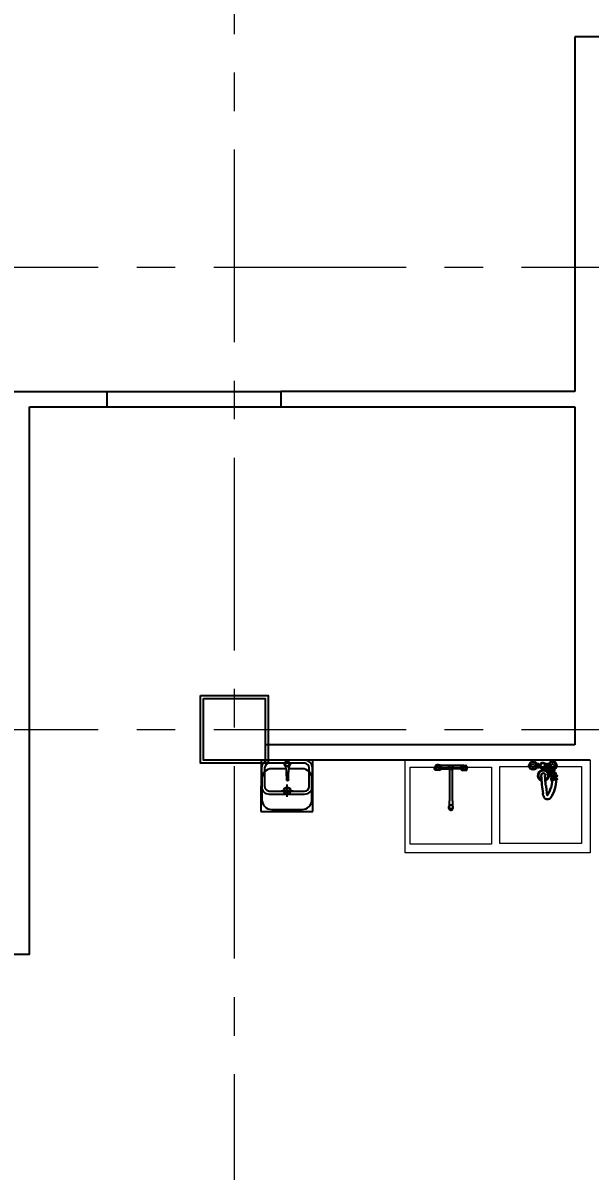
# Model space of a CAD drawing. Header units: millimetres. Extents: x 0 to 8967983, y -224399 to 13801.
# Drawn here: x 58221 to 61904, y -190047 to -182596 of the extents above; entities that cross this region are included whole.
import ezdxf
from ezdxf import colors
from ezdxf.entities.mleader import LeaderData, LeaderLine
from ezdxf.math import Vec2, Vec3

# ---------------------------------------------------------------- set-up
doc = ezdxf.new("R2010")
doc.units = ezdxf.units.MM
doc.header["$LTSCALE"] = 10
doc.linetypes.add('CENTER', pattern=[2, 1.25, -0.25, 0.25, -0.25])
for name, color, linetype, lineweight in [('013', 7, 'Continuous', 13), ('АР_Оси', 142, 'Continuous', 9), ('Оборудование пищеблок', 250, 'Continuous', 5)]:
    doc.layers.add(name, color=color, linetype=linetype, lineweight=lineweight)
doc.layers.add('Архитектура', color=251, linetype='Continuous')
doc.layers.get('0').off()
doc.layers.get('0').freeze()
doc.styles.add('ISOCPEUR', font='isocpeur.TTF', dxfattribs={"width": 0.7})
doc.styles.add('ГОСТ 2.304', font='isocpeur.TTF', dxfattribs={"width": 0.7})
doc.dimstyles.new('СПДС', dxfattribs={"dimscale": 100, "dimtxt": 2.5, "dimasz": 1, "dimexe": 1.5, "dimexo": 0, "dimgap": 1, "dimtad": 1, "dimdec": 0, "dimrnd": 5, "dimtxsty": 'ГОСТ 2.304', "dimblk": 'OBLIQUE', "dimcen": 2.5, "dimdle": 1, "dimadec": 0, "dimazin": 2, "dimtfac": 0.75, "dimtdec": 0, "dimtmove": 1, "dimatfit": 3, "dimfxl": 1, "dimtolj": 1, "dimarcsym": 1})

# ---------------------------------------------------------------- blocks, each defined once
blk = doc.blocks.new('_DOTSMALL')
at = {"color": 0, "linetype": 'ByBlock', "const_width": 0.5}
blk.add_lwpolyline([(-0.0625, 0, 1), (0.0625, 0, 1)], format="xyb", close=True, dxfattribs=at)
blk = doc.blocks.new('A$C0ce66a75')
at = {"layer": 'Оборудование пищеблок', "color": 217, "true_color": 0x93278f}
for points in [[(600, 0), (0, 0), (0, 1200), (600, 1200)], [(540.2, 615), (40.2, 615), (40.2, 1145), (540.2, 1145)], [(545.1, 30.8), (45.1, 30.8), (45.1, 560.8), (545.1, 560.8)]]:
    blk.add_lwpolyline(points, close=True, dxfattribs=at)
blk = doc.blocks.new('_Oblique')
at = {"color": 0, "linetype": 'ByBlock', "lineweight": -2}
blk.add_line((-0.5, -0.5), (0.5, 0.5), dxfattribs=at)
blk = doc.blocks.new('*D523')
at = {"layer": '013', "color": 0, "linetype": 'ByBlock', "lineweight": -2, "transparency": 16777216}
for p, q in [((47977.1, -6030.5), (47977.1, -6735.6)), ((47015.2, -6130.5), (47015.2, -6735.6)), ((48077.1, -6585.6), (46915.2, -6585.6)), ((69773.4, -206645.8), (69773.4, -207945.8)), ((70483.9, -206745.8), (69623.4, -206745.8)), ((70362, -207845.8), (69623.4, -207845.8))]:
    blk.add_line(p, q, dxfattribs=at)
at = {"layer": 'Defpoints', "color": 0, "linetype": 'ByBlock', "transparency": 16777216}
for p in [(47977.1, -6030.5), (47015.2, -6130.5), (47015.2, -6585.6), (70483.9, -206745.8), (69773.4, -207845.8), (70362, -207845.8)]:
    blk.add_point(p, dxfattribs=at)
at = {"layer": '013', "color": 0, "linetype": 'ByBlock', "lineweight": -2, "transparency": 16777216, "xscale": 100, "yscale": 100, "zscale": 100}
for p, rotation in [((47015.2, -6585.6), 180), ((69773.4, -206745.8), 90), ((69773.4, -207845.8), 270)]:
    blk.add_blockref('_Oblique', p, dxfattribs=dict(at, rotation=rotation))
blk.add_blockref('_Oblique', (47977.1, -6585.6), dxfattribs=at)
at = {"layer": '013', "color": 0, "linetype": 'ByBlock', "transparency": 16777216, "insert": (47496.2, -6360.6), "char_height": 250, "attachment_point": 5, "style": 'ГОСТ 2.304'}
blk.add_mtext('\\A1;960', dxfattribs=at)
at = {"layer": '013', "color": 0, "linetype": 'ByBlock', "transparency": 16777216, "insert": (69548.4, -207295.8), "char_height": 250, "attachment_point": 5, "rotation": 90, "style": 'ГОСТ 2.304'}
blk.add_mtext('\\A1;1100', dxfattribs=at)
blk = doc.blocks.new('*D524')
at = {"layer": '013', "color": 0, "linetype": 'ByBlock', "lineweight": -2, "transparency": 16777216}
for p, q in [((49025.2, -5880.5), (49025.2, -5780.5)), ((48615.2, -5880.5), (49175.2, -5880.5)), ((49025.2, -5880.5), (49025.2, -6030.5)), ((49025.2, -5880.5), (49025.2, -6030.5)), ((48492.4, -6030.5), (49175.2, -6030.5)), ((49025.2, -6030.5), (49025.2, -6130.5)), ((49025.2, -6728.6), (49025.2, -6030.5)), ((70806.5, -197915.9), (70806.5, -197815.9)), ((70806.5, -197940.9), (70271.1, -198142.2)), ((71073.3, -197915.9), (70656.5, -197915.9)), ((70806.5, -197965.9), (70806.5, -197915.9)), ((70806.5, -197965.9), (70806.5, -197915.9)), ((71121.1, -197965.9), (70656.5, -197965.9)), ((70806.5, -197965.9), (70806.5, -198065.9)), ((70271.1, -198142.2), (70271.1, -198552.2))]:
    blk.add_line(p, q, dxfattribs=at)
at = {"layer": 'Defpoints', "color": 0, "linetype": 'ByBlock', "transparency": 16777216}
for p in [(48615.2, -5880.5), (48492.4, -6030.5), (49025.2, -6030.5), (70806.5, -197915.9), (71073.3, -197915.9), (71121.1, -197965.9)]:
    blk.add_point(p, dxfattribs=at)
at = {"layer": '013', "color": 0, "linetype": 'ByBlock', "lineweight": -2, "transparency": 16777216, "xscale": 100, "yscale": 100, "zscale": 100}
for p, rotation in [((49025.2, -5880.5), 270), ((49025.2, -6030.5), 90), ((70806.5, -197915.9), 270), ((70806.5, -197965.9), 90)]:
    blk.add_blockref('_Oblique', p, dxfattribs=dict(at, rotation=rotation))
at = {"layer": '013', "color": 0, "linetype": 'ByBlock', "transparency": 16777216, "char_height": 250, "attachment_point": 5, "rotation": 90, "style": 'ГОСТ 2.304'}
for s, insert in [('\\A1;150', (48800.2, -6479.8)), ('\\A1;50', (70046.1, -198347.2))]:
    blk.add_mtext(s, dxfattribs=dict(at, insert=insert))

msp = doc.modelspace()

# ---------------------------------------------------------------- linework, layer by layer
at = {"layer": 'АР_Оси', "linetype": 'CENTER', "ltscale": 100}
for p, q in [((59593.5, -165418.4), (59593.5, -218962.2)), ((41459.8, -184180.9), (116782.1, -184180.9)), ((41459.8, -187180.9), (116782.1, -187180.9))]:
    msp.add_line(p, q, dxfattribs=at)
at = {"layer": 'Архитектура', "lineweight": 25, "transparency": 33554684}
for p, q in [((62749.5, -182687.3), (61804.6, -182687.3)), ((61804.6, -182687.3), (61804.6, -184987.8)), ((58766.4, -184987.8), (59896.5, -184988)), ((58766.5, -185087.8), (59896.5, -185088.3)), ((61804.6, -185087.8), (61804.6, -187281.2)), ((61804.6, -187281.2), (59793.5, -187280.9)), ((59767.3, -187380.6), (59767, -187712.6)), ((61904.6, -187381.2), (59793.5, -187380.9)), ((60104, -187712.9), (60104.3, -187380.9)), ((59770.8, -187430.6), (59770.7, -187550.6)), ((59790.8, -187430.6), (59790.7, -187550.6)), ((60050.8, -187400.9), (59820.8, -187400.6)), ((59929.9, -187435.7), (59837.3, -187435.7)), ((59925.7, -187419.7), (59927.3, -187423)), ((59925.7, -187419.7), (59927.3, -187423)), ((59927.2, -187422.9), (59928.7, -187428.8)), ((59928.7, -187428.8), (59930, -187436.7)), ((59930, -187436.6), (59931.3, -187447)), ((59931.3, -187447), (59932.5, -187458.3)), ((59946, -187446.6), (59945.4, -187458)), ((59947, -187435.6), (59946, -187446.6)), ((59947.9, -187427.6), (59947, -187435.6)), ((60034.3, -187435.8), (59947, -187435.8)), ((59949, -187421.7), (59947.9, -187427.6)), ((59950.3, -187418.4), (59949, -187421.8)), ((60080.7, -187550.9), (60080.8, -187430.9)), ((60100.7, -187550.9), (60100.8, -187430.9)), ((60910.8, -187412.8), (60894.9, -187436.9)), ((60910.8, -187412.8), (60894.9, -187436.9)), ((60894.9, -187436.9), (60895.9, -187423.9)), ((60898, -187445.9), (60894.9, -187436.9)), ((60898, -187445.9), (60894.9, -187436.9)), ((60906.8, -187410.8), (60895.9, -187423.9)), ((60906.8, -187410.8), (60895.9, -187423.9)), ((60928, -187446.8), (60898, -187445.9)), ((60928, -187446.8), (60898, -187445.9)), ((60899.9, -187422.9), (60909.9, -187413.8)), ((60899.9, -187422.9), (60909.9, -187413.8)), ((60899.9, -187422.9), (60899.9, -187432.9)), ((60899.9, -187422.9), (60899.9, -187432.9)), ((60910, -187442.8), (60899.9, -187432.9)), ((60910, -187442.8), (60899.9, -187432.9)), ((60906.8, -187410.8), (60911.8, -187406.8)), ((60906.8, -187410.8), (60911.8, -187406.8)), ((60906.8, -187410.8), (60908.9, -187413.8)), ((60906.8, -187410.8), (60908.9, -187413.8)), ((60908.9, -187413.8), (60910.8, -187412.8)), ((60908.9, -187413.8), (60910.8, -187412.8)), ((60909.9, -187413.8), (60921.9, -187413.8)), ((60909.9, -187413.8), (60921.9, -187413.8)), ((60922, -187442.8), (60910, -187442.8)), ((60922, -187442.8), (60910, -187442.8)), ((60917.8, -187411.8), (60910.8, -187412.8)), ((60917.8, -187411.8), (60910.8, -187412.8)), ((60911.8, -187406.8), (60920.8, -187409.8)), ((60911.8, -187406.8), (60920.8, -187409.8)), ((60917.8, -187411.8), (60918.9, -187413.8)), ((60917.8, -187411.8), (60918.9, -187413.8)), ((60932.9, -187433.7), (60918.9, -187413.8)), ((60918.9, -187413.8), (60929.9, -187415.8)), ((60932.9, -187433.7), (60918.9, -187413.8)), ((60918.9, -187413.8), (60929.9, -187415.8)), ((60931.9, -187413.7), (60920.8, -187409.8)), ((60931.9, -187413.7), (60920.8, -187409.8)), ((60921.9, -187413.8), (60931.9, -187422.7)), ((60921.9, -187413.8), (60931.9, -187422.7)), ((60931.9, -187432.7), (60922, -187442.8)), ((60931.9, -187432.7), (60922, -187442.8)), ((60935.9, -187436.7), (60928, -187446.8)), ((60935.9, -187436.7), (60928, -187446.8)), ((60929.9, -187415.8), (60934.9, -187424.7)), ((60929.9, -187415.8), (60934.9, -187424.7)), ((60931.9, -187413.7), (61070, -187413.6)), ((60931.9, -187413.7), (60935.9, -187422.7)), ((60931.9, -187413.7), (60935.9, -187422.7)), ((60931.9, -187422.7), (60931.9, -187432.7)), ((60931.9, -187422.7), (60931.9, -187432.7)), ((60934.9, -187424.7), (60932.9, -187433.7)), ((60934.9, -187424.7), (60932.9, -187433.7)), ((60932.9, -187433.7), (60935.9, -187436.7)), ((60932.9, -187433.7), (60935.9, -187436.7)), ((60935.9, -187422.7), (60934.9, -187433.7)), ((60935.9, -187422.7), (60934.9, -187433.7)), ((60935.9, -187436.7), (60934.9, -187433.7)), ((60935.9, -187436.7), (60934.9, -187433.7)), ((60935.8, -187436.4), (60990.9, -187436.4)), ((60995, -187415.5), (60986, -187422.5)), ((60995, -187415.5), (60986, -187422.5)), ((60986, -187422.5), (60986, -187432.5)), ((60986, -187422.5), (60986, -187432.5)), ((60986, -187432.5), (60994.9, -187439.5)), ((60986, -187432.5), (60994.9, -187439.5)), ((60996, -187414.5), (60989, -187421.5)), ((60996, -187414.5), (60989, -187421.5)), ((60989, -187421.5), (60989, -187432.5)), ((60989, -187421.5), (60989, -187432.5)), ((60989, -187432.5), (60995.9, -187439.5)), ((60989, -187432.5), (60995.9, -187439.5)), ((60990.9, -187436.4), (60991.1, -187645.4)), ((60998, -187414.5), (60991, -187424.5)), ((60998, -187414.5), (60991, -187424.5)), ((60991, -187424.5), (60991, -187430.3)), ((60991, -187430.3), (60998, -187439.5)), ((60994.9, -187439.5), (61006.9, -187439.5)), ((60994.9, -187439.5), (61006.9, -187439.5)), ((61007, -187415.5), (60995, -187415.5)), ((61007, -187415.5), (60995, -187415.5)), ((61006, -187414.5), (60996, -187414.5)), ((61006, -187414.5), (60996, -187414.5)), ((61011, -187424.5), (61004, -187414.5)), ((61011, -187424.5), (61004, -187414.5)), ((61011, -187430.3), (61004, -187439.5)), ((61005.9, -187439.5), (61013, -187432.5)), ((61005.9, -187439.5), (61013, -187432.5)), ((61013, -187421.5), (61006, -187414.5)), ((61013, -187421.5), (61006, -187414.5)), ((61006.9, -187439.5), (61016, -187432.5)), ((61006.9, -187439.5), (61016, -187432.5)), ((61016, -187422.5), (61007, -187415.5)), ((61016, -187422.5), (61007, -187415.5)), ((61066.1, -187436.3), (61010.9, -187436.3)), ((61011.1, -187645.4), (61010.9, -187436.4)), ((61011, -187424.5), (61011, -187430.3)), ((61013, -187432.5), (61013, -187421.5)), ((61013, -187432.5), (61013, -187421.5)), ((61016, -187432.5), (61016, -187422.5)), ((61016, -187432.5), (61016, -187422.5)), ((61065.9, -187436.6), (61067, -187433.6)), ((61069, -187433.6), (61065.9, -187436.6)), ((61065.9, -187436.6), (61067, -187433.6)), ((61069, -187433.6), (61065.9, -187436.6)), ((61065.9, -187436.6), (61073.9, -187446.6)), ((61065.9, -187436.6), (61073.9, -187446.6)), ((61070, -187413.6), (61066, -187422.6)), ((61070, -187413.6), (61066, -187422.6)), ((61066, -187422.6), (61067, -187433.6)), ((61066, -187422.6), (61067, -187433.6)), ((61072, -187415.6), (61067, -187424.6)), ((61072, -187415.6), (61067, -187424.6)), ((61067, -187424.6), (61069, -187433.6)), ((61067, -187424.6), (61069, -187433.6)), ((61069, -187433.6), (61083, -187413.7)), ((61069, -187433.6), (61083, -187413.7)), ((61080, -187413.6), (61070, -187422.6)), ((61080, -187413.6), (61070, -187422.6)), ((61070, -187422.6), (61070, -187432.6)), ((61070, -187422.6), (61070, -187432.6)), ((61070, -187432.6), (61079.9, -187442.6)), ((61070, -187432.6), (61079.9, -187442.6)), ((61083, -187413.7), (61072, -187415.6)), ((61083, -187413.7), (61072, -187415.6)), ((61073.9, -187446.6), (61103.9, -187445.7)), ((61073.9, -187446.6), (61103.9, -187445.7)), ((61079.9, -187442.6), (61091.9, -187442.7)), ((61079.9, -187442.6), (61091.9, -187442.7)), ((61091, -187412.7), (61106.9, -187436.7)), ((61091, -187412.7), (61106.9, -187436.7)), ((61091.9, -187442.7), (61102, -187432.7)), ((61091.9, -187442.7), (61102, -187432.7)), ((61102, -187422.7), (61092, -187413.7)), ((61102, -187422.7), (61092, -187413.7)), ((61095, -187410.7), (61106, -187423.7)), ((61095, -187410.7), (61106, -187423.7)), ((61102, -187422.7), (61102, -187432.7)), ((61102, -187422.7), (61102, -187432.7)), ((61103.9, -187445.7), (61106.9, -187436.7)), ((61103.9, -187445.7), (61106.9, -187436.7)), ((61106.9, -187436.7), (61106, -187423.7)), ((59773.2, -187499.6), (59773.1, -187636.6)), ((59932.6, -187459.3), (59932.5, -187458.3)), ((59932.6, -187459.3), (59932.5, -187458.3)), ((59932.6, -187459.4), (59932.6, -187459.3)), ((59934, -187508.7), (59932.6, -187459.3)), ((59934.3, -187509.7), (59934, -187508.7)), ((59934.3, -187509.7), (59934, -187508.7)), ((59934.8, -187510.6), (59934.3, -187509.7)), ((59934.8, -187510.6), (59934.3, -187509.7)), ((59935.5, -187511.4), (59934.8, -187510.6)), ((59936.3, -187512.1), (59935.5, -187511.4)), ((59936.3, -187512.1), (59935.5, -187511.4)), ((59937.3, -187512.6), (59936.3, -187512.1)), ((59937.3, -187512.6), (59936.3, -187512.1)), ((59938.3, -187513), (59937.3, -187512.6)), ((59938.3, -187513), (59937.3, -187512.6)), ((59938.4, -187513.1), (59937.9, -187512.7)), ((59939.2, -187513.4), (59938.4, -187513.1)), ((59939.8, -187513.3), (59938.7, -187513)), ((59939.8, -187513.3), (59938.7, -187513)), ((59940, -187513.5), (59939.2, -187513.4)), ((59940.9, -187513.3), (59939.8, -187513.3)), ((59940.9, -187513.3), (59939.8, -187513.3)), ((59940.9, -187513.6), (59940, -187513.5)), ((59942, -187513.2), (59940.9, -187513.3)), ((59942, -187513.2), (59940.9, -187513.3)), ((59941.7, -187513.5), (59940.9, -187513.6)), ((59942.5, -187513.3), (59941.7, -187513.5)), ((59943, -187512.9), (59942, -187513.2)), ((59943, -187512.9), (59942, -187513.2)), ((59943.3, -187512.9), (59942.5, -187513.3)), ((59943.7, -187512.4), (59942.7, -187512.9)), ((59943.7, -187512.4), (59942.7, -187512.9)), ((59943.8, -187512.6), (59943.3, -187512.9)), ((59944.6, -187511.8), (59943.7, -187512.4)), ((59944.6, -187511.8), (59943.7, -187512.4)), ((59945.3, -187511.1), (59944.6, -187511.8)), ((59945.3, -187511.1), (59944.6, -187511.8)), ((59946, -187510.2), (59945.3, -187511.1)), ((59946.7, -187508.4), (59945.4, -187458)), ((59946.7, -187508.4), (59945.4, -187458)), ((59946.4, -187509.3), (59946, -187510.2)), ((59946.7, -187508.4), (59946.4, -187509.3)), ((59946.7, -187508.4), (59946.4, -187509.3)), ((60098.1, -187636.9), (60098.2, -187499.9)), ((59820.6, -187580.6), (60050.6, -187580.9)), ((59820.6, -187600.6), (60050.6, -187600.9)), ((59898.5, -187578.8), (59976.8, -187578.8)), ((59937.2, -187617.6), (59937.1, -187539.3)), ((60988.2, -187685.4), (60992.2, -187675.4)), ((60991.2, -187689.4), (60991.1, -187645.4)), ((60992.2, -187675.4), (60999.1, -187669.4)), ((60999.1, -187669.4), (61003.1, -187669.4)), ((61003.1, -187669.4), (61010.2, -187675.4)), ((61010.2, -187675.4), (61014.2, -187685.4)), ((61011.1, -187645.4), (61011.2, -187689.4)), ((59767, -187712.6), (60104, -187712.9)), ((59837, -187700.7), (60034, -187700.8)), ((60988.2, -187691.4), (60988.2, -187685.4)), ((60992.2, -187701.4), (60988.2, -187691.4)), ((60998.2, -187701.4), (60991.2, -187689.4)), ((60999.2, -187707.4), (60992.2, -187701.4)), ((61004.2, -187701.4), (60998.2, -187701.4)), ((61003.2, -187707.4), (60999.2, -187707.4)), ((61010.2, -187701.4), (61003.2, -187707.4)), ((61011.2, -187689.4), (61004.2, -187701.4)), ((61014.2, -187691.4), (61010.2, -187701.4)), ((61014.2, -187685.4), (61014.2, -187691.4))]:
    msp.add_line(p, q, dxfattribs=at)
for points in [[(54272, -184987.8), (58766.5, -184987.8)], [(58766.5, -184987.8), (58766.5, -185087.8)], [(61804.6, -184987.8), (59896.5, -184987.8), (59896.5, -185087.8), (61804.6, -185087.8)], [(55465.5, -188638.4), (58264.5, -188639.7), (58264.5, -185087.8)], [(58264.5, -185087.8), (58766.5, -185087.8)], [(60881.6, -187452.7), (60881.6, -187452.7)], [(61599.5, -187435.4), (61599.5, -187435.4)], [(61599.5, -187435.4), (61599.5, -187435.4)], [(61608, -187443.9), (61608, -187443.9)], [(61608, -187443.9), (61608, -187443.9)], [(61620.7, -187452.3), (61620.7, -187452.3)], [(61620.7, -187452.3), (61620.7, -187452.3)], [(61646.1, -187418.5), (61646.1, -187418.5)], [(61646.1, -187418.5), (61646.1, -187418.5)], [(61654.6, -187426.9), (61654.6, -187426.9)], [(61654.6, -187426.9), (61654.6, -187426.9)], [(61667.2, -187435.4), (61667.2, -187435.4)], [(61667.2, -187435.4), (61667.2, -187435.4)], [(61675.7, -187448.1), (61675.7, -187448.1)], [(61675.7, -187448.1), (61675.7, -187448.1)], [(61629.2, -187460.8), (61629.2, -187460.8)], [(61629.2, -187460.8), (61629.2, -187460.8)], [(61637.6, -187469.2), (61637.6, -187469.2)], [(61637.6, -187469.2), (61637.6, -187469.2)], [(61646.1, -187477.7), (61646.1, -187477.7)], [(61646.1, -187477.7), (61646.1, -187477.7)], [(61650.3, -187490.4), (61650.3, -187490.4)], [(61650.3, -187490.4), (61650.3, -187490.4)], [(61650.3, -187498.9), (61650.3, -187498.9)], [(61650.3, -187498.9), (61650.3, -187498.9)], [(61650.3, -187507.3), (61650.3, -187507.3)], [(61650.3, -187507.3), (61650.3, -187507.3)], [(61684.2, -187460.8), (61684.2, -187460.8)], [(61684.2, -187460.8), (61684.2, -187460.8)], [(61688.4, -187481.9), (61688.4, -187481.9)], [(61688.4, -187481.9), (61688.4, -187481.9)], [(61692.6, -187503.1), (61692.6, -187503.1)], [(61692.6, -187503.1), (61692.6, -187503.1)]]:
    msp.add_lwpolyline(points, dxfattribs=at)
for points in [[(59373.5, -186960.9), (59813.5, -186960.9), (59813.5, -187400.9), (59373.5, -187400.9)], [(59393.5, -186980.9), (59793.5, -186980.9), (59793.5, -187380.9), (59393.5, -187380.9)], [(61565.7, -187426.9), (61553, -187435.4)], [(61620.7, -187401.5), (61595.3, -187435.4)], [(61603.8, -187431.2), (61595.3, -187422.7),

============

## Task prompt
Respond with a single number: the count of lines in the entries above that contain the string "close".

## Written answer
2